This is the result of politics….Says Adamu Sakande as he embarks on 2-yr jail sentence
By Ivy Benson
Friday July 27, 2012 would remain the darkest day in the life of the New Patriotic Party (NPP) Member of Parliament (MP) for Bawku Central, Adamu Daramani Sakande. It was a day he began a two-year jail sentence handed down on him by an Accra Fast Track Court (FTC) for lying under oath to enable him get elected into the law-making body of the country.
As he was stepping out of the magnificent structure housing the court with armed police escort to embark on his journey to the Nsawam Medium Security Prisons, Mr. Daramani Sakande, who was all dressed in black, exclaimed, “this is the result of politics”, when family members and close associates gathered around him to encourage and empathise with him.
Daramani Sakande, who is a Security Management Expert, was found guilty on all three counts of false declaration by voting, perjury and deceit of public officer, and the court, presided over by Justice Charles Quist, sentenced him to two years imprisonment on each count to run con-currently.
The decision of the court to hand down a reduced jail term on the convict in spite of the fact that the charge of perjury is a second degree felony that attracts not more than 10 years imprisonment, when found guilty of the offence, follows the plea of the defense counsel, Mr. Yoni Kulendi, for the court to be lenient with his client in view of his cardiac condition.
The court, therefore, rejected the assertion that the convicted MP for Bawku Central was a Ghanaian, indicating that the prosecution had proven its case against the MP, who could not defend himself appropriately, when the onus shifted on him to do so.
The MP, who holds a British passport, the court indicated, did not provide any evidence to show that he had renounced his British citizenship, in line with the Ghanaian law, before seeking election.
It, therefore, barred the convicted MP from presenting himself as a Ghanaian, as he had sufficiently showed that he was a foreigner, as he sought permission to enter Ghana by using his British travelling document that indicates he is a Burkinabe.
Expatiating on its judgment, the court noted that it had been established that the Bawku Central MP was a Burkinabe, having been born in Burkina Faso, as his refugee pass issued in the United Kingdom (UK) in 1992 indicates, and this, the MP had confirmed in his evidence before the court.
It was, therefore, the considered view of the court that Adamu Daramani Sakande validly obtained the British refugee pass, since there was no challenge against the document, adding that the prosecution had led uncontested evidence that the MP was a Burkinabe and born in Ouagadougou, and therefore, could not claim to be a Ghanaian.
The court, on the other hand, indicated that Mr. Daramani Sakande did not lead any evidence to show that either his parents or grandparents were Ghanaian, which would automatically grant him Ghanaian nationality, as the law states.

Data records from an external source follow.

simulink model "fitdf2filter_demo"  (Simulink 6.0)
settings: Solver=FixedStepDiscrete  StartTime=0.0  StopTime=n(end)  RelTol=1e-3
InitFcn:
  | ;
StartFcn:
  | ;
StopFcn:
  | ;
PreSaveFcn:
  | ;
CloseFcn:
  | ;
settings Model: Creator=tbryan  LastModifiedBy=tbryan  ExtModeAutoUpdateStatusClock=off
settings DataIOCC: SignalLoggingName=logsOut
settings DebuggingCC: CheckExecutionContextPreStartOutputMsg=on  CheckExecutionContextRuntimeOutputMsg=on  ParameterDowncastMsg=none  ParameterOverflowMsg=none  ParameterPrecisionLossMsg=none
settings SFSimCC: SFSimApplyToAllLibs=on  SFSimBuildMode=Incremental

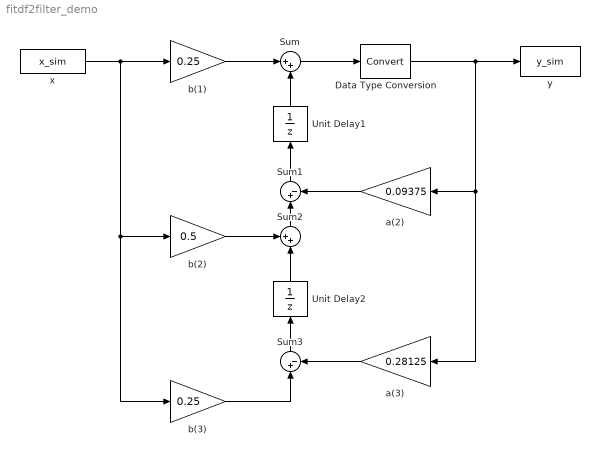
== system fitdf2filter_demo ==
  Data Type Conversion : DataTypeConversion  OutDataTypeMode=Specify via dialog  OutDataType=sfix(8)  OutScaling=2^-6  RndMeth=Nearest  SaturateOnIntegerOverflow=on  LockScale=on
  Sum : Sum  Inputs=|++  OutDataType=sfix(8)  OutScaling=2^-6  RndMeth=Nearest  SaturateOnIntegerOverflow=on
  Sum1 : Sum  Orientation=up  Inputs=|+-  OutDataType=sfix(8)  OutScaling=2^-6  RndMeth=Nearest  SaturateOnIntegerOverflow=on
  Sum2 : Sum  Orientation=up  Inputs=++|  RndMeth=Nearest  SaturateOnIntegerOverflow=on
  Sum3 : Sum  Orientation=up  Inputs=|+-  OutDataType=sfix(8)  OutScaling=2^-6  RndMeth=Nearest  SaturateOnIntegerOverflow=on
  Unit Delay1 : UnitDelay  Orientation=up
  Unit Delay2 : UnitDelay  Orientation=up
  a(2) : Gain  Orientation=left  Gain=0.09375  ParameterDataTypeMode=Specify via dialog  ParameterDataType=sfix(8)  ParameterScalingMode=Use specified scaling  ParameterScaling=2^-6  RndMeth=Nearest  SaturateOnIntegerOverflow=on
  a(3) : Gain  Orientation=left  Gain=0.28125  ParameterDataTypeMode=Specify via dialog  ParameterDataType=sfix(8)  ParameterScalingMode=Use specified scaling  ParameterScaling=2^-6  RndMeth=Nearest  SaturateOnIntegerOverflow=on
  b(1) : Gain  Gain=0.25  ParameterDataTypeMode=Specify via dialog  ParameterDataType=sfix(8)  ParameterScalingMode=Use specified scaling  ParameterScaling=2^-6  RndMeth=Nearest  SaturateOnIntegerOverflow=on
  b(2) : Gain  Gain=0.5  ParameterDataTypeMode=Specify via dialog  ParameterDataType=sfix(8)  ParameterScalingMode=Use specified scaling  ParameterScaling=2^-6  RndMeth=Nearest  SaturateOnIntegerOverflow=on
  b(3) : Gain  Gain=0.25  ParameterDataTypeMode=Specify via dialog  ParameterDataType=sfix(8)  ParameterScalingMode=Use specified scaling  ParameterScaling=2^-6  RndMeth=Nearest  SaturateOnIntegerOverflow=on
  x : FromWorkspace  VariableName=x_sim  SampleTime=0  Interpolate=off  OutputAfterFinalValue=Setting to zero
  y : ToWorkspace  VariableName=y_sim  SampleTime=-1  SaveFormat=Array
  wires:
  a(2)/1 -> Sum1/2
  b(2)/1 -> Sum2/1
  a(3)/1 -> Sum3/2
  Sum3/1 -> Unit Delay2/1
  Sum2/1 -> Sum1/1
  b(1)/1 -> Sum/1
  Unit Delay1/1 -> Sum/2
  x/1 -> b(2)/1, b(3)/1, b(1)/1
  Sum/1 -> Data Type Conversion/1
  b(3)/1 -> Sum3/1
  Data Type Conversion/1 -> y/1, a(3)/1, a(2)/1
  Unit Delay2/1 -> Sum2/2
  Sum1/1 -> Unit Delay1/1
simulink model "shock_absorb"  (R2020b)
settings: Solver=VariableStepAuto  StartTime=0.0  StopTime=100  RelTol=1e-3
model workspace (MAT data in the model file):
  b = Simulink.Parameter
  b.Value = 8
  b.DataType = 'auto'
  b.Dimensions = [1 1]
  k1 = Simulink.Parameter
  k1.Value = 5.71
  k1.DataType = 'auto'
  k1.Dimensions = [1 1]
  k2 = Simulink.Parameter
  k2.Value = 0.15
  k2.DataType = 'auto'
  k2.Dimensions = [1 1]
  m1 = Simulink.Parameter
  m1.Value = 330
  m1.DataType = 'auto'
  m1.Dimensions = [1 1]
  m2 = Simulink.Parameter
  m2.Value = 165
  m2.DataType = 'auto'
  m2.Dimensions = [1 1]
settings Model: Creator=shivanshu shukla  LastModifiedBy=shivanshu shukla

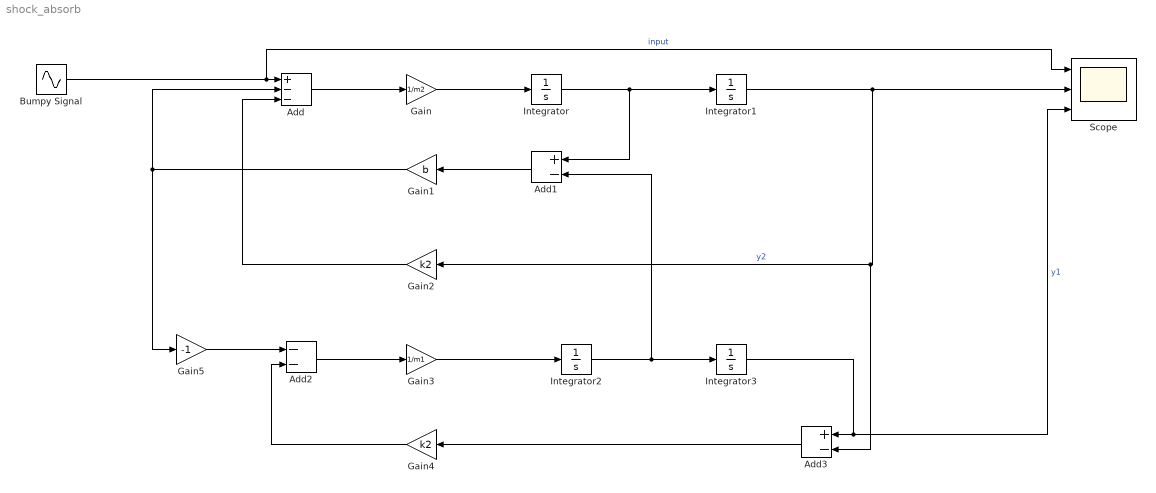
== system shock_absorb ==
  Add : Sum  Inputs=+--
  Add1 : Sum  Inputs=+-
  Add2 : Sum  Inputs=--
  Add3 : Sum  Inputs=+-
  Bumpy Signal : Sin  SampleTime=0
  Gain : Gain  Gain=1/m2
  Gain1 : Gain  Gain=b
  Gain2 : Gain  Gain=k2
  Gain3 : Gain  Gain=1/m1
  Gain4 : Gain  Gain=k2
  Gain5 : Gain  Gain=-1
  Integrator{,1..3} (4 alike) : Integrator
  Scope : Scope  NumInputPorts=3
  wires:
  Add/1 -> Gain/1
  Gain/1 -> Integrator/1
  Integrator/1 -> Add1/1, Integrator1/1
  Integrator1/1 -> Scope/2, Gain2/1, Add3/2  "y2"
  Gain1/1 -> Gain5/1, Add/2
  Add1/1 -> Gain1/1
  Gain2/1 -> Add/3
  Gain3/1 -> Integrator2/1
  Integrator2/1 -> Add1/2, Integrator3/1
  Gain5/1 -> Add2/1
  Add2/1 -> Gain3/1
  Integrator3/1 -> Scope/3, Add3/1  "y1"
  Add3/1 -> Gain4/1
  Gain4/1 -> Add2/2
  Bumpy Signal/1 -> Scope/1, Add/1  "input"

It is also in evidence that the convicted MP provided his details to immigration at the airport while travelling to the UK, as part of his travel history that he is a Burkinabe and was born in Ouagadougou, however, the court identified conflicting evidence portrayed by documents of the convicted MP.
It was noted that Adamu Daramani Sakande indicated in his British refugee pass that he was born in Ouagadougou, but stated in his Ghanaian passport that he was born in Bawku in the Upper East Region. Additionally, the court pointed out that the convicted MP did not produce a statutory declaration that he had changed his name from Andrew Daramani Sakande to Adamu Daramani Sakande.
The court also held that by virtue of the MP holding a British passport, which is due to expire in 2014, the convict, contrary to the laws of the country, signed a statutory declaration on October 11, 2008 that he was a Ghanaian and eligible to be elected to Parliament, while at the time he was making the declaration, he held allegiance to the British Queen.
“Any person, who holds allegiance to another country other than Ghana is disqualified from being a Member of Parliament,” the court noted, as per the laws governing nationality and the eligibility of entering into the Ghanaian Parliament.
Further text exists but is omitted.